- July 6, 2025
UK to Cut NHS Foreign Recruitment to Under 10% by 2035 in New Health Plan: Here is Plan Breakdown
LONDON July 6: UK Prime Minister Keir Starmer has unveiled a new 10-year NHS workforce plan aiming to significantly reduce reliance on overseas healthcare workers. Under the new policy, the proportion of foreign recruits in the NHS will be cut to below 10% by 2035.
The NHS has historically relied heavily on international staff, with Indian nationals forming the largest overseas group.
“While the NHS has always welcomed international talent, the system is now overly dependent on foreign recruitment,” the plan states. “Our goal is to shift this balance, reducing international recruits to under 10% by 2035.”

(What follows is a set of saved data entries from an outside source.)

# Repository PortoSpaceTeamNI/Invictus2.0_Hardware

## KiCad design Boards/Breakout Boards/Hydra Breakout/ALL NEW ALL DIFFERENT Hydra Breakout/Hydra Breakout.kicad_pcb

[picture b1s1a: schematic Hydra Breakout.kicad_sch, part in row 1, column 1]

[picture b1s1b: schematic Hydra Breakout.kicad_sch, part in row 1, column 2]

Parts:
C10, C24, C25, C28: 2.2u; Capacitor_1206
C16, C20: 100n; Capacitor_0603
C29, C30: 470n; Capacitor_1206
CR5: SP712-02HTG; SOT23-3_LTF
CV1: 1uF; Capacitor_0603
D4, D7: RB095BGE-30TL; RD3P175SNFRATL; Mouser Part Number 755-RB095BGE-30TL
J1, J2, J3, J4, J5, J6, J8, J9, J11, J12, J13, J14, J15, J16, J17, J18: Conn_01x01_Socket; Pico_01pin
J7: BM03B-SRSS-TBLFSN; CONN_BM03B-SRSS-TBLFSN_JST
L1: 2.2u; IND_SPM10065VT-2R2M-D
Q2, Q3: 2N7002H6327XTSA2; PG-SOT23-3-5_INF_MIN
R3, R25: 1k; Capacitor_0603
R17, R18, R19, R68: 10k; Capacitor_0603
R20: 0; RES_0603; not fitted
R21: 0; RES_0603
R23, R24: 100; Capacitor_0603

To support this transition, UK medical graduates will be prioritised for both foundation and specialty training positions. The plan criticises the 2020 policy that opened postgraduate training places to international applicants on equal footing with UK graduates, claiming it has led to unacceptably high competition for limited posts.
However, the plan has faced criticism. Ramesh Mehta, president of the British Association of Physicians of Indian Origin (BAPIO), argued the targets are unrealistic. He pointed out that around one-third of UK-trained medical graduates left the country last year for opportunities in countries like New Zealand, Canada, and Australia.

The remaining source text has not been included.